Устами Савинкова, бессознательно служившего в данном случае рупором Азефа и его полицейских вдохновителей, Центральному Комитету было заявлено, что оба руководителя Б. О. подают в отставку и вместе с ними покидает работу весь остальной личный состав организации. Опыт-де показал, что все недавние успехи в деле Плеве и вел. кн. Сергея Александровича могли быть лишь результатом тактического сюрприза: с одной стороны - новой динамитной техники, с другой детально разработанной тактики "революционного филерства", посредством маскировки "революционных наблюдателей" то в извозчиков, то в разносчиков, то в иных мирных жителей. Но успехи террористических ударов куплены дорогой ценой всестороннего ознакомления охраны с этой тактикой, бороться с которой ныне ей легче, чем противоположной стороне - ее усовершенствовать. Поэтому впредь до создания новой и высшей технической базы, дающей возможность снова захватить аппарат самодержавия врасплох, приходится террор приостановить.
Согласись с этим Центральный Комитет, Охрана была бы надолго обеспечена от жестоких ударов по столпам старого режима. Но Ц. К. с этим не согласился и поручил одному из своих членов оспаривать концепцию Азефа и Савинкова перед лицом специально созванного общего собрания боевиков. Контртезисы гласили: если и признать что из боевой практики нужно исключить некоторые методы работы, как уже использованные, то у дела есть и другая сторона: {274} самый факт массового расширения всего движения делает уязвимым многие слабые стороны охранно-полицейского механизма.

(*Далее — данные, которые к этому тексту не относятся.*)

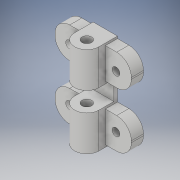
# Autodesk Inventor part: Nose Gear Mounting Block
Saved by Autodesk Inventor 2018 (Build 220112000, 112)
## iProperties
Created: 2018-08-04
Part Number: Nose Gear Mounting Block
Material: Generic
Document SubType Name: Modeling
Designer: Michael Gunderman
Density: 0.934608 g/cm^3
Appearance: Default
Mass: 5 g
Surface Area: 35.4129 cm^2
Volume: 5.34984 cm^3
Author: Michael Gunderman
Autodesk Inventor part; units mm, degrees
ref_plane "YZ Plane" through (0, 0, 0) normal (1, 0, 0) x (0, 1, 0)
ref_plane "XZ Plane" through (0, 0, 0) normal (0, 1, 0) x (-1, 0, 0)
ref_plane "XY Plane" through (0, 0, 0) normal (0, 0, 1) x (1, 0, 0)
sketch "Sketch1" plane through (0, 0, 0) normal (0, 0, 1) x (1, 0, 0)
  line L0 (0, 0) -> (10, 0)
  line L1 (10, 0) -> (10, 37.084)
  line L2 (10, 37.084) -> (0, 37.084)
  line L3 (0, 37.084) -> (0, 0)
  line L4 (0, 36.191) -> (-10.668, 36.191)
  line L5 (-10.668, 36.191) -> (-10.668, 23.491)
  line L6 (-10.668, 23.491) -> (0, 23.491)
  line L7 (0, 23.491) -> (0, 36.191)
  line L8 (0, 0.9264) -> (-10.668, 0.9264)
  line L9 (-10.668, 0.9264) -> (-10.668, 13.6264)
  line L10 (-10.668, 13.6264) -> (0, 13.6264)
  line L11 (0, 13.6264) -> (0, 0.9264)
  line L12 (5, 37.084) -> (5, 9.6109) construction
  line L13 (10, 36.191) -> (20.668, 36.191)
  line L14 (20.668, 36.191) -> (20.668, 23.491)
  line L15 (20.668, 23.491) -> (10, 23.491)
  line L16 (10, 0.9264) -> (20.668, 0.9264)
  line L17 (20.668, 0.9264) -> (20.668, 13.6264)
  line L18 (20.668, 13.6264) -> (10, 13.6264)
  line L19 (10, 36.191) -> (10, 23.491)
  line L20 (10, 13.6264) -> (10, 0.9264)
  dimension "d0" = 10
  dimension "d1" = 37.084
  dimension "d2" = 10.668
  dimension "d3" = 12.7
  dimension "d4" = 10.668
  dimension "d5" = 12.7
  constraints: 42 end point, 8 symmetric about line, 6 parallel, 5 perpendicular, 3 horizontal, 2 point on line, 1 midpoint, 1 vertical
  measures "d0" distance of L2.end L1.end
  measures "d1" distance of L1.end L0.end
  measures "d2" distance of L6.end L5.end
  measures "d3" distance of L5.end L4.end
  measures "d4" distance of L9.end L10.end
  measures "d5" distance of L8.end L9.end
extrude "Extrusion1" add sketch "Sketch1" along normal blind 12.61 contours L3 L2 L1 L0
extrude "Extrusion2" add sketch "Sketch1" along normal blind 5 contours L8 L9 L10 L3 | L6 L5 L4 L3
extrude "Extrusion3" add sketch "Sketch1" along normal blind 5 contours L1 L18 L17 L16 | L1 L13 L14 L15
fillet "Fillet1" radius 5 2 edges at (10, 18.542, 12.61) (0, 18.542, 12.61)
fillet "Fillet2" radius 6 8 edges at (20.668, 36.191, 2.5) (20.668, 23.491, 2.5) (20.668, 13.6264, 2.5) (20.668, 0.9264, 2.5) (-10.668, 13.6264, 2.5) (-10.668, 36.191, 2.5) (-10.668, 23.491, 2.5) (-10.668, 0.9264, 2.5)
sketch "Sketch2" plane through (0, 0, 5) normal (0, 0, 1) x (1, 0, 0)
  arc A0 (-4.668, 13.6264) -> (-10.668, 7.6264) centre (-4.668, 7.6264) ccw projected
  circle A1 centre (-4.668, 7.6264) radius 1.5875
  line L0 (-4.668, 7.6264) -> (-4.668, 29.2164) construction
  line L1 (-4.668, 29.2164) -> (14.382, 29.2164) construction
  circle A2 centre (-4.668, 29.2164) radius 1.5875
  circle A3 centre (14.382, 29.2164) radius 1.5875
  circle A4 centre (14.382, 7.6264) radius 1.5875
  point P0 (0, 0)
  dimension "d14" = 3.175
  dimension "d15" = 21.59
  dimension "d16" = 19.05
  dimension "d17" = 3.175
  dimension "d18" = 3.175
  dimension "d19" = 3.175
  constraints: 4 centre point, 4 end point, 3 coincident, 1 horizontal, 1 vertical
  measures "d14" diameter of A1
  measures "d15" distance of L0.start L0.end
  measures "d16" distance of L0.end L1.end
  measures "d17" diameter of A2
  measures "d18" diameter of A3
  measures "d19" diameter of A4
extrude "Extrusion4" cut sketch "Sketch2" against normal blind 5
sketch "Sketch3" plane through (0, 0, 0) normal (0, -1, 0) x (1, 0, 0)
  arc A0 (10, 7.61) -> (0, 7.61) centre (5, 7.61) ccw projected
  circle A1 centre (5, 7.61) radius 2
  point P0 (0, 0)
  dimension "d22" = 4
  constraints: 1 centre point, 1 coincident
  measures "d22" diameter of A1
extrude "Extrusion5" cut sketch "Sketch3" against normal blind 100
ref_plane "Work Plane1" through (0, 18.542, 0) normal (0, 1, 0) x (1, 0, 0)
sketch "Sketch4" plane through (0, 18.542, 0) normal (0, 1, 0) x (1, 0, 0)
  arc A0 (0, -7.61) -> (10, -7.61) centre (5, -7.61) ccw construction
  line L0 (5, -12.61) -> (5, -1.47) construction
  line L1 (10, -1.47) -> (0, -1.47)
  line L2 (0, 0) -> (0, -7.61) projected
  line L3 (0, -1.47) -> (-2.5969, -14.0453)
  line L4 (-2.5969, -14.0453) -> (12.3635, -14.2385)
  line L5 (12.3635, -14.2385) -> (10, -1.47)
  dimension "d25" = 11.14
  constraints: 10 end point, 1 horizontal, 1 point on circle, 1 point on line, 1 vertical
  measures "d25" distance of L0.start L0.end
extrude "Extrusion6" cut sketch "Sketch4" along normal mid plane 8
body "Solid1"

Отныне мыслимо создавать вспомогательную для боевой деятельности сеть агентов, разбросанных по всем разветвлениям партийной работы для систематического обследования всех незащищенных мест охранного аппарата власти. Боевики слушали с растущим сочувственным вниманием. Но тут Савинков и Азеф поспешили вмешаться в беседу, чтобы категорически отвергнуть подобную "новую тактику", как противоречащую принципу полного изолирования террористической деятельности от общепартийной. Было ясно: их авторитет подавляет критическую мысль рядовых боевиков.
Тогда Ц. К. заявил, что партии ничего не остается, как отныне рассматривать людей данного состава Б. О., как освобожденных по собственному их настоянию от всяких дальнейших обязательств перед партией в этой специальной области. Они растворяются в партии в качестве рядовых ее членов; Ц. К. призывает тех из них, кто готов работать в терроре по-новому, опираясь на более широкую, чем дотоле, связь с массовыми организациями, столковаться между собою и войти с ними в новые переговоры. Боевики колебались. Первоначально на них всех произвели подавляющее впечатление Азеф и Савинков, запечатлевшие тотчас же свой выход в отставку отъездом заграницу и увлекшие за собой еще кое-кого из рядовых членов; но потом к работе некоторые вернулись... За один лишь декабрь 1906 г. были один за другим устранены: один из вдохновителей крайней реакции гр. Игнатьев, прославившийся своими репрессиями СПБ градоначальник ген. фон-дер-Лауниц и ненавидимый всею либеральной и революционной общественностью обер-палач - главный военный прокурор Павлов.
И Азефу, надеявшемуся, что он заслужил у власти себе почетный отдых, пришлось вновь "вернуться к делам". Без его надзирающего за всем глаза сам Герасимов ни за что ручаться перед царем более не мог.